## INSTRUCTIONS TO FOLLOW:
In the listing below, locate the line containing "#9=PRODUCT_DEFINITION_SHAPE('','',#8);" and the line containing "#19=CARTESIAN_POINT('',(16.3123714285714,12.,46.734960558198));". Output both of them and every line between, exactly as written, and nothing more.

···

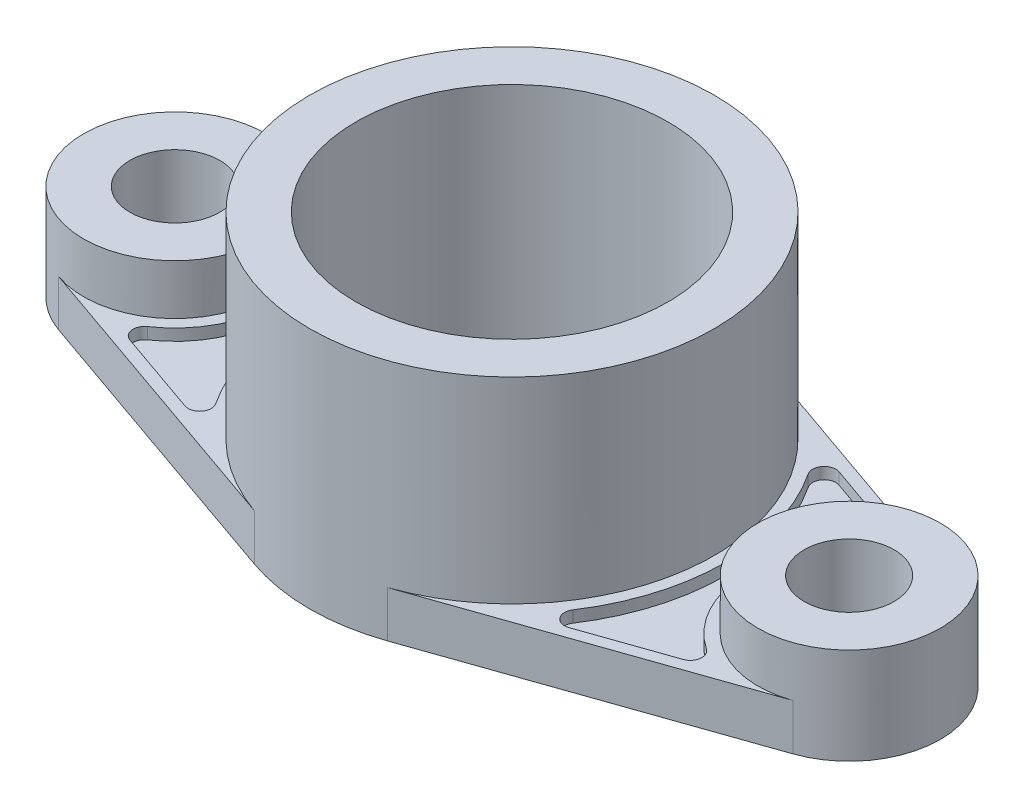
ISO-10303-21;
HEADER;
FILE_DESCRIPTION(('STEP AP214'),'2;1');
FILE_NAME('part.step','',(''),(''),'','','');
FILE_SCHEMA(('AUTOMOTIVE_DESIGN { 1 0 10303 214 1 1 1 1 }'));
ENDSEC;
DATA;
#1=APPLICATION_CONTEXT('core data for automotive mechanical design processes');
#2=APPLICATION_PROTOCOL_DEFINITION('international standard','automotive_design',2000,#1);
#3=PRODUCT_CONTEXT('',#1,'mechanical');
#4=PRODUCT('Part','Part','',(#3));
#5=PRODUCT_RELATED_PRODUCT_CATEGORY('part','',(#4));
#6=PRODUCT_DEFINITION_FORMATION('','',#4);
#7=PRODUCT_DEFINITION_CONTEXT('part definition',#1,'design');
#8=PRODUCT_DEFINITION('design','',#6,#7);
#9=PRODUCT_DEFINITION_SHAPE('','',#8);
#10=(LENGTH_UNIT() NAMED_UNIT(*) SI_UNIT(.MILLI.,.METRE.));
#11=(NAMED_UNIT(*) PLANE_ANGLE_UNIT() SI_UNIT($,.RADIAN.));
#12=(NAMED_UNIT(*) SI_UNIT($,.STERADIAN.) SOLID_ANGLE_UNIT());
#13=UNCERTAINTY_MEASURE_WITH_UNIT(LENGTH_MEASURE(1.E-05),#10,'distance_accuracy_value','');
#14=(GEOMETRIC_REPRESENTATION_CONTEXT(3) GLOBAL_UNCERTAINTY_ASSIGNED_CONTEXT((#13)) GLOBAL_UNIT_ASSIGNED_CONTEXT((#10,
#11,#12)) REPRESENTATION_CONTEXT('',''));
#15=CARTESIAN_POINT('',(0.,0.,0.));
#16=DIRECTION('',(0.,0.,1.));
#17=DIRECTION('',(1.,0.,0.));
#18=AXIS2_PLACEMENT_3D('',#15,#16,#17);
#19=CARTESIAN_POINT('',(16.3123714285714,12.,46.734960558198));
#20=DIRECTION('',(-0.329542857142857,0.,-0.944140617337334));
#21=DIRECTION('',(-0.944140617337334,0.,0.329542857142857));
#22=AXIS2_PLACEMENT_3D('',#19,#20,#21);
#23=PLANE('',#22);
#24=DIRECTION('',(0.944140617337334,0.,-0.329542857142857));
#25=VECTOR('',#24,1.);
#26=CARTESIAN_POINT('',(16.3123714285714,9.,46.734960558198));
#27=LINE('',#26,#25);
#28=CARTESIAN_POINT('',(49.826038740367,9.,35.0373495493516));
#29=VERTEX_POINT('',#28);
#30=CARTESIAN_POINT('',(71.8093276206941,9.,27.3643020244494));
#31=VERTEX_POINT('',#30);
#32=EDGE_CURVE('E355',#29,#31,#27,.T.);
#33=ORIENTED_EDGE('',*,*,#32,.F.);
#34=DIRECTION('',(0.,-1.,0.));
#35=VECTOR('',#34,1.);
#36=CARTESIAN_POINT('',(49.826038740367,12.,35.0373495493516));
#37=LINE('',#36,#35);
#38=CARTESIAN_POINT('',(49.826038740367,12.,35.0373495493516));
#39=VERTEX_POINT('',#38);
#40=EDGE_CURVE('E11',#39,#29,#37,.T.);
#41=ORIENTED_EDGE('',*,*,#40,.F.);
#42=DIRECTION('',(0.944140617337334,0.,-0.329542857142857));
#43=VECTOR('',#42,1.);
#44=CARTESIAN_POINT('',(16.3123714285714,12.,46.734960558198));
#45=LINE('',#44,#43);
#46=CARTESIAN_POINT('',(71.8093276206941,12.,27.3643020244494));
#47=VERTEX_POINT('',#46);
#48=EDGE_CURVE('E396',#39,#47,#45,.T.);
#49=ORIENTED_EDGE('',*,*,#48,.T.);
#50=DIRECTION('',(0.,-1.,0.));
#51=VECTOR('',#50,1.);
#52=CARTESIAN_POINT('',(71.8093276206941,12.,27.3643020244494));
#53=LINE('',#52,#51);
#54=EDGE_CURVE('E433',#47,#31,#53,.T.);
#55=ORIENTED_EDGE('',*,*,#54,.T.);
#56=EDGE_LOOP('',(#33,#41,#49,#55));
#57=FACE_BOUND('',#56,.T.);
#58=ADVANCED_FACE('F45',(#57),#23,.T.);
#59=CARTESIAN_POINT('',(48.8374101689384,12.,32.2049276973396));
#60=DIRECTION('',(0.,-1.,0.));
#61=DIRECTION('',(0.,0.,-1.));
#62=AXIS2_PLACEMENT_3D('',#59,#60,#61);
#63=CYLINDRICAL_SURFACE('',#62,3.);
#64=ORIENTED_EDGE('',*,*,#40,.T.);
#65=CARTESIAN_POINT('',(48.8374101689384,9.,32.2049276973396));
#66=DIRECTION('',(0.,1.,0.));
#67=DIRECTION('',(0.,0.,1.));
#68=AXIS2_PLACEMENT_3D('',#65,#66,#67);
#69=CIRCLE('',#68,3.);
#70=CARTESIAN_POINT('',(46.3329275961724,9.,30.5533929436299));
#71=VERTEX_POINT('',#70);
#72=EDGE_CURVE('E346',#29,#71,#69,.F.);
#73=ORIENTED_EDGE('',*,*,#72,.T.);
#74=DIRECTION('',(0.,-1.,0.));
#75=VECTOR('',#74,1.);
#76=CARTESIAN_POINT('',(46.3329275961724,12.,30.5533929436299));
#77=LINE('',#76,#75);
#78=CARTESIAN_POINT('',(46.3329275961724,12.,30.5533929436299));
#79=VERTEX_POINT('',#78);
#80=EDGE_CURVE('E55',#79,#71,#77,.T.);
#81=ORIENTED_EDGE('',*,*,#80,.F.);
#82=CARTESIAN_POINT('',(48.8374101689384,12.,32.2049276973396));
#83=DIRECTION('',(0.,1.,0.));
#84=DIRECTION('',(0.,0.,1.));
#85=AXIS2_PLACEMENT_3D('',#82,#83,#84);
#86=CIRCLE('',#85,3.);
#87=EDGE_CURVE('E400',#39,#79,#86,.F.);
#88=ORIENTED_EDGE('',*,*,#87,.F.);
#89=EDGE_LOOP('',(#64,#73,#81,#88));
#90=FACE_BOUND('',#89,.T.);
#91=ADVANCED_FACE('F582',(#90),#63,.F.);
#92=CARTESIAN_POINT('',(0.,12.,0.));
#93=DIRECTION('',(0.,-1.,0.));
#94=DIRECTION('',(0.,0.,-1.));
#95=AXIS2_PLACEMENT_3D('',#92,#93,#94);
#96=CYLINDRICAL_SURFACE('',#95,55.5);
#97=ORIENTED_EDGE('',*,*,#80,.T.);
#98=CARTESIAN_POINT('',(0.,9.,0.));
#99=DIRECTION('',(0.,1.,0.));
#100=DIRECTION('',(0.,0.,1.));
#101=AXIS2_PLACEMENT_3D('',#98,#99,#100);
#102=CIRCLE('',#101,55.5);
#103=CARTESIAN_POINT('',(46.3329275961724,9.,-30.5533929436299));
#104=VERTEX_POINT('',#103);
#105=EDGE_CURVE('E377',#71,#104,#102,.T.);
#106=ORIENTED_EDGE('',*,*,#105,.T.);
#107=DIRECTION('',(0.,-1.,0.));
#108=VECTOR('',#107,1.);
#109=CARTESIAN_POINT('',(46.3329275961724,12.,-30.5533929436299));
#110=LINE('',#109,#108);
#111=CARTESIAN_POINT('',(46.3329275961724,12.,-30.5533929436299));
#112=VERTEX_POINT('',#111);
#113=EDGE_CURVE('E452',#112,#104,#110,.T.);
#114=ORIENTED_EDGE('',*,*,#113,.F.);
#115=CARTESIAN_POINT('',(0.,12.,0.));
#116=DIRECTION('',(0.,1.,0.));
#117=DIRECTION('',(0.,0.,1.));
#118=AXIS2_PLACEMENT_3D('',#115,#116,#117);
#119=CIRCLE('',#118,55.5);
#120=EDGE_CURVE('E404',#79,#112,#119,.T.);
#121=ORIENTED_EDGE('',*,*,#120,.F.);
#122=EDGE_LOOP('',(#97,#106,#114,#121));
#123=FACE_BOUND('',#122,.T.);
#124=ADVANCED_FACE('F588',(#123),#96,.T.);
#125=CARTESIAN_POINT('',(48.8374101689384,12.,-32.2049276973396));
#126=DIRECTION('',(0.,-1.,0.));
#127=DIRECTION('',(0.,0.,-1.));
#128=AXIS2_PLACEMENT_3D('',#125,#126,#127);
#129=CYLINDRICAL_SURFACE('',#128,3.);
#130=ORIENTED_EDGE('',*,*,#113,.T.);
#131=CARTESIAN_POINT('',(48.8374101689384,9.,-32.2049276973396));
#132=DIRECTION('',(0.,1.,0.));
#133=DIRECTION('',(0.,0.,1.));
#134=AXIS2_PLACEMENT_3D('',#131,#132,#133);
#135=CIRCLE('',#134,3.);
#136=CARTESIAN_POINT('',(49.826038740367,9.,-35.0373495493516));
#137=VERTEX_POINT('',#136);
#138=EDGE_CURVE('E374',#104,#137,#135,.F.);
#139=ORIENTED_EDGE('',*,*,#138,.T.);
#140=DIRECTION('',(0.,-1.,0.));
#141=VECTOR('',#140,1.);
#142=CARTESIAN_POINT('',(49.826038740367,12.,-35.0373495493516));
#143=LINE('',#142,#141);
#144=CARTESIAN_POINT('',(49.826038740367,12.,-35.0373495493516));
#145=VERTEX_POINT('',#144);
#146=EDGE_CURVE('E448',#145,#137,#143,.T.);
#147=ORIENTED_EDGE('',*,*,#146,.F.);
#148=CARTESIAN_POINT('',(48.8374101689384,12.,-32.2049276973396));
#149=DIRECTION('',(0.,1.,0.));
#150=DIRECTION('',(0.,0.,1.));
#151=AXIS2_PLACEMENT_3D('',#148,#149,#150);
#152=CIRCLE('',#151,3.);
#153=EDGE_CURVE('E408',#112,#145,#152,.F.);
#154=ORIENTED_EDGE('',*,*,#153,.F.);
#155=EDGE_LOOP('',(#130,#139,#147,#154));
#156=FACE_BOUND('',#155,.T.);
#157=ADVANCED_FACE('F911',(#156),#129,.F.);
#158=CARTESIAN_POINT('',(16.3123714285715,12.,-46.7349605581981));
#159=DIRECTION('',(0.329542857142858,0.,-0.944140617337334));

···

## RESPONSE BELOW:
#9=PRODUCT_DEFINITION_SHAPE('','',#8);
#10=(LENGTH_UNIT() NAMED_UNIT(*) SI_UNIT(.MILLI.,.METRE.));
#11=(NAMED_UNIT(*) PLANE_ANGLE_UNIT() SI_UNIT($,.RADIAN.));
#12=(NAMED_UNIT(*) SI_UNIT($,.STERADIAN.) SOLID_ANGLE_UNIT());
#13=UNCERTAINTY_MEASURE_WITH_UNIT(LENGTH_MEASURE(1.E-05),#10,'distance_accuracy_value','');
#14=(GEOMETRIC_REPRESENTATION_CONTEXT(3) GLOBAL_UNCERTAINTY_ASSIGNED_CONTEXT((#13)) GLOBAL_UNIT_ASSIGNED_CONTEXT((#10,
#11,#12)) REPRESENTATION_CONTEXT('',''));
#15=CARTESIAN_POINT('',(0.,0.,0.));
#16=DIRECTION('',(0.,0.,1.));
#17=DIRECTION('',(1.,0.,0.));
#18=AXIS2_PLACEMENT_3D('',#15,#16,#17);
#19=CARTESIAN_POINT('',(16.3123714285714,12.,46.734960558198));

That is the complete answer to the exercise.